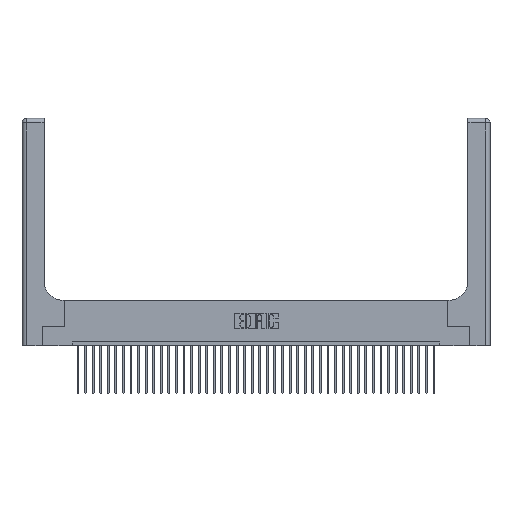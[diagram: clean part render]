
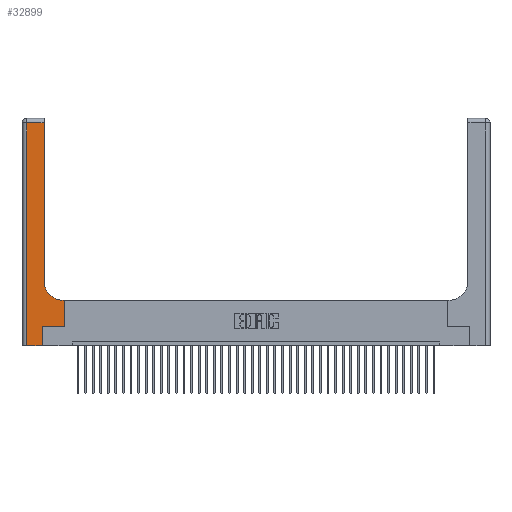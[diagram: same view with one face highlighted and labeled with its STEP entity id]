
A CAD part, top view. The second image highlights one B-rep face of the part: STEP entity #32899.
In plain terms, the highlighted planar face has unit normal (0, 0, 1).
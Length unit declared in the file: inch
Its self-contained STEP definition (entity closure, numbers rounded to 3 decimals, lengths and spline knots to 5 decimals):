
#25 = LINE ( 'NONE', #28274, #21069 ) ;
#470 = ORIENTED_EDGE ( 'NONE', *, *, #32537, .T. ) ;
#648 = CARTESIAN_POINT ( 'NONE',  ( 0., 2.94, 0.37 ) ) ;
#672 = DIRECTION ( 'NONE',  ( 0., 0., -1. ) ) ;
#700 = CARTESIAN_POINT ( 'NONE',  ( 0.269, 0.25, 0.37 ) ) ;
#2259 = CARTESIAN_POINT ( 'NONE',  ( 0.269, 0., 0.37 ) ) ;
#2383 = CARTESIAN_POINT ( 'NONE',  ( 0.5585, 0.6, 0.37 ) ) ;
#2815 = DIRECTION ( 'NONE',  ( 1., 0., 0. ) ) ;
#3543 = DIRECTION ( 'NONE',  ( 0., 1., 0. ) ) ;
#3746 = VERTEX_POINT ( 'NONE', #5873 ) ;
#4926 = LINE ( 'NONE', #5613, #18164 ) ;
#5576 = DIRECTION ( 'NONE',  ( 1., 0., 0. ) ) ;
#5613 = CARTESIAN_POINT ( 'NONE',  ( 0.06, 3., 0.37 ) ) ;
#5708 = VERTEX_POINT ( 'NONE', #24587 ) ;
#5873 = CARTESIAN_POINT ( 'NONE',  ( 0.5415, 0.6, 0.37 ) ) ;
#5874 = CARTESIAN_POINT ( 'NONE',  ( 0.06, 0., 0.37 ) ) ;
#6068 = ORIENTED_EDGE ( 'NONE', *, *, #31612, .T. ) ;
#6712 = CARTESIAN_POINT ( 'NONE',  ( 0., 3., 0.37 ) ) ;
#6886 = VECTOR ( 'NONE', #3543, 39.37008 ) ;
#9248 = LINE ( 'NONE', #35840, #23408 ) ;
#10217 = EDGE_CURVE ( 'NONE', #30166, #11776, #25, .T. ) ;
#10220 = ORIENTED_EDGE ( 'NONE', *, *, #34628, .T. ) ;
#10222 = VECTOR ( 'NONE', #38254, 39.37008 ) ;
#10480 = CARTESIAN_POINT ( 'NONE',  ( 0.06, 2.94, 0.37 ) ) ;
#10695 = EDGE_CURVE ( 'NONE', #19285, #37135, #11729, .T. ) ;
#11729 = LINE ( 'NONE', #14682, #14678 ) ;
#11776 = VERTEX_POINT ( 'NONE', #17389 ) ;
#12494 = ORIENTED_EDGE ( 'NONE', *, *, #20137, .T. ) ;
#12866 = DIRECTION ( 'NONE',  ( -1., 0., 0. ) ) ;
#13947 = DIRECTION ( 'NONE',  ( -1., 0., 0. ) ) ;
#14678 = VECTOR ( 'NONE', #36546, 39.37008 ) ;
#14682 = CARTESIAN_POINT ( 'NONE',  ( 0.5585, 0.25, 0.37 ) ) ;
#17389 = CARTESIAN_POINT ( 'NONE',  ( 0.2915, 2.94, 0.37 ) ) ;
#17453 = EDGE_LOOP ( 'NONE', ( #28823, #470, #31458, #32103, #6068, #10220, #19731, #12494, #32538 ) ) ;
#18164 = VECTOR ( 'NONE', #38486, 39.37008 ) ;
#19285 = VERTEX_POINT ( 'NONE', #28816 ) ;
#19404 = PLANE ( 'NONE',  #37772 ) ;
#19469 = EDGE_CURVE ( 'NONE', #19554, #26145, #4926, .T. ) ;
#19554 = VERTEX_POINT ( 'NONE', #10480 ) ;
#19731 = ORIENTED_EDGE ( 'NONE', *, *, #10695, .T. ) ;
#20137 = EDGE_CURVE ( 'NONE', #37135, #3746, #37638, .T. ) ;
#20225 = DIRECTION ( 'NONE',  ( 1., 0., 0. ) ) ;
#21021 = VECTOR ( 'NONE', #13947, 39.37008 ) ;
#21069 = VECTOR ( 'NONE', #28404, 39.37008 ) ;
#22883 = LINE ( 'NONE', #36173, #34190 ) ;
#23408 = VECTOR ( 'NONE', #20225, 39.37008 ) ;
#23520 = EDGE_CURVE ( 'NONE', #3746, #30166, #30486, .T. ) ;
#24570 = AXIS2_PLACEMENT_3D ( 'NONE', #37164, #27361, #5576 ) ;
#24587 = CARTESIAN_POINT ( 'NONE',  ( 0.269, 0., 0.37 ) ) ;
#25983 = CARTESIAN_POINT ( 'NONE',  ( 0.2915, 0.85, 0.37 ) ) ;
#26145 = VERTEX_POINT ( 'NONE', #5874 ) ;
#27361 = DIRECTION ( 'NONE',  ( 0., 0., -1. ) ) ;
#28274 = CARTESIAN_POINT ( 'NONE',  ( 0.2915, 3., 0.37 ) ) ;
#28404 = DIRECTION ( 'NONE',  ( 0., 1., 0. ) ) ;
#28816 = CARTESIAN_POINT ( 'NONE',  ( 0.5585, 0.25, 0.37 ) ) ;
#28823 = ORIENTED_EDGE ( 'NONE', *, *, #10217, .T. ) ;
#30166 = VERTEX_POINT ( 'NONE', #25983 ) ;
#30486 = CIRCLE ( 'NONE', #24570, 0.25 ) ;
#30837 = FACE_OUTER_BOUND ( 'NONE', #17453, .T. ) ;
#31458 = ORIENTED_EDGE ( 'NONE', *, *, #19469, .T. ) ;
#31612 = EDGE_CURVE ( 'NONE', #5708, #39168, #32355, .T. ) ;
#32103 = ORIENTED_EDGE ( 'NONE', *, *, #33302, .T. ) ;
#32355 = LINE ( 'NONE', #2259, #6886 ) ;
#32537 = EDGE_CURVE ( 'NONE', #11776, #19554, #37622, .T. ) ;
#32538 = ORIENTED_EDGE ( 'NONE', *, *, #23520, .T. ) ;
#32728 = CARTESIAN_POINT ( 'NONE',  ( 0.2915, 0.6, 0.37 ) ) ;
#32899 = ADVANCED_FACE ( 'NONE', ( #30837 ), #19404, .F. ) ;
#33302 = EDGE_CURVE ( 'NONE', #26145, #5708, #22883, .T. ) ;
#34190 = VECTOR ( 'NONE', #2815, 39.37008 ) ;
#34628 = EDGE_CURVE ( 'NONE', #39168, #19285, #9248, .T. ) ;
#35840 = CARTESIAN_POINT ( 'NONE',  ( 0.269, 0.25, 0.37 ) ) ;
#36173 = CARTESIAN_POINT ( 'NONE',  ( 0., 0., 0.37 ) ) ;
#36546 = DIRECTION ( 'NONE',  ( 0., 1., 0. ) ) ;
#37135 = VERTEX_POINT ( 'NONE', #2383 ) ;
#37164 = CARTESIAN_POINT ( 'NONE',  ( 0.5415, 0.85, 0.37 ) ) ;
#37622 = LINE ( 'NONE', #648, #10222 ) ;
#37638 = LINE ( 'NONE', #32728, #21021 ) ;
#37772 = AXIS2_PLACEMENT_3D ( 'NONE', #6712, #672, #12866 ) ;
#38254 = DIRECTION ( 'NONE',  ( -1., 0., 0. ) ) ;
#38486 = DIRECTION ( 'NONE',  ( 0., -1., 0. ) ) ;
#39168 = VERTEX_POINT ( 'NONE', #700 ) ;

================

ACTIVITY:
The line with "#31612 = EDGE_CURVE" and every line after it up to the end of the entries: output those exactly, and only those.

SOLUTION FOR THIS PROBLEM:
#31612 = EDGE_CURVE ( 'NONE', #5708, #39168, #32355, .T. ) ;
#32103 = ORIENTED_EDGE ( 'NONE', *, *, #33302, .T. ) ;
#32355 = LINE ( 'NONE', #2259, #6886 ) ;
#32537 = EDGE_CURVE ( 'NONE', #11776, #19554, #37622, .T. ) ;
#32538 = ORIENTED_EDGE ( 'NONE', *, *, #23520, .T. ) ;
#32728 = CARTESIAN_POINT ( 'NONE',  ( 0.2915, 0.6, 0.37 ) ) ;
#32899 = ADVANCED_FACE ( 'NONE', ( #30837 ), #19404, .F. ) ;
#33302 = EDGE_CURVE ( 'NONE', #26145, #5708, #22883, .T. ) ;
#34190 = VECTOR ( 'NONE', #2815, 39.37008 ) ;
#34628 = EDGE_CURVE ( 'NONE', #39168, #19285, #9248, .T. ) ;
#35840 = CARTESIAN_POINT ( 'NONE',  ( 0.269, 0.25, 0.37 ) ) ;
#36173 = CARTESIAN_POINT ( 'NONE',  ( 0., 0., 0.37 ) ) ;
#36546 = DIRECTION ( 'NONE',  ( 0., 1., 0. ) ) ;
#37135 = VERTEX_POINT ( 'NONE', #2383 ) ;
#37164 = CARTESIAN_POINT ( 'NONE',  ( 0.5415, 0.85, 0.37 ) ) ;
#37622 = LINE ( 'NONE', #648, #10222 ) ;
#37638 = LINE ( 'NONE', #32728, #21021 ) ;
#37772 = AXIS2_PLACEMENT_3D ( 'NONE', #6712, #672, #12866 ) ;
#38254 = DIRECTION ( 'NONE',  ( -1., 0., 0. ) ) ;
#38486 = DIRECTION ( 'NONE',  ( 0., -1., 0. ) ) ;
#39168 = VERTEX_POINT ( 'NONE', #700 ) ;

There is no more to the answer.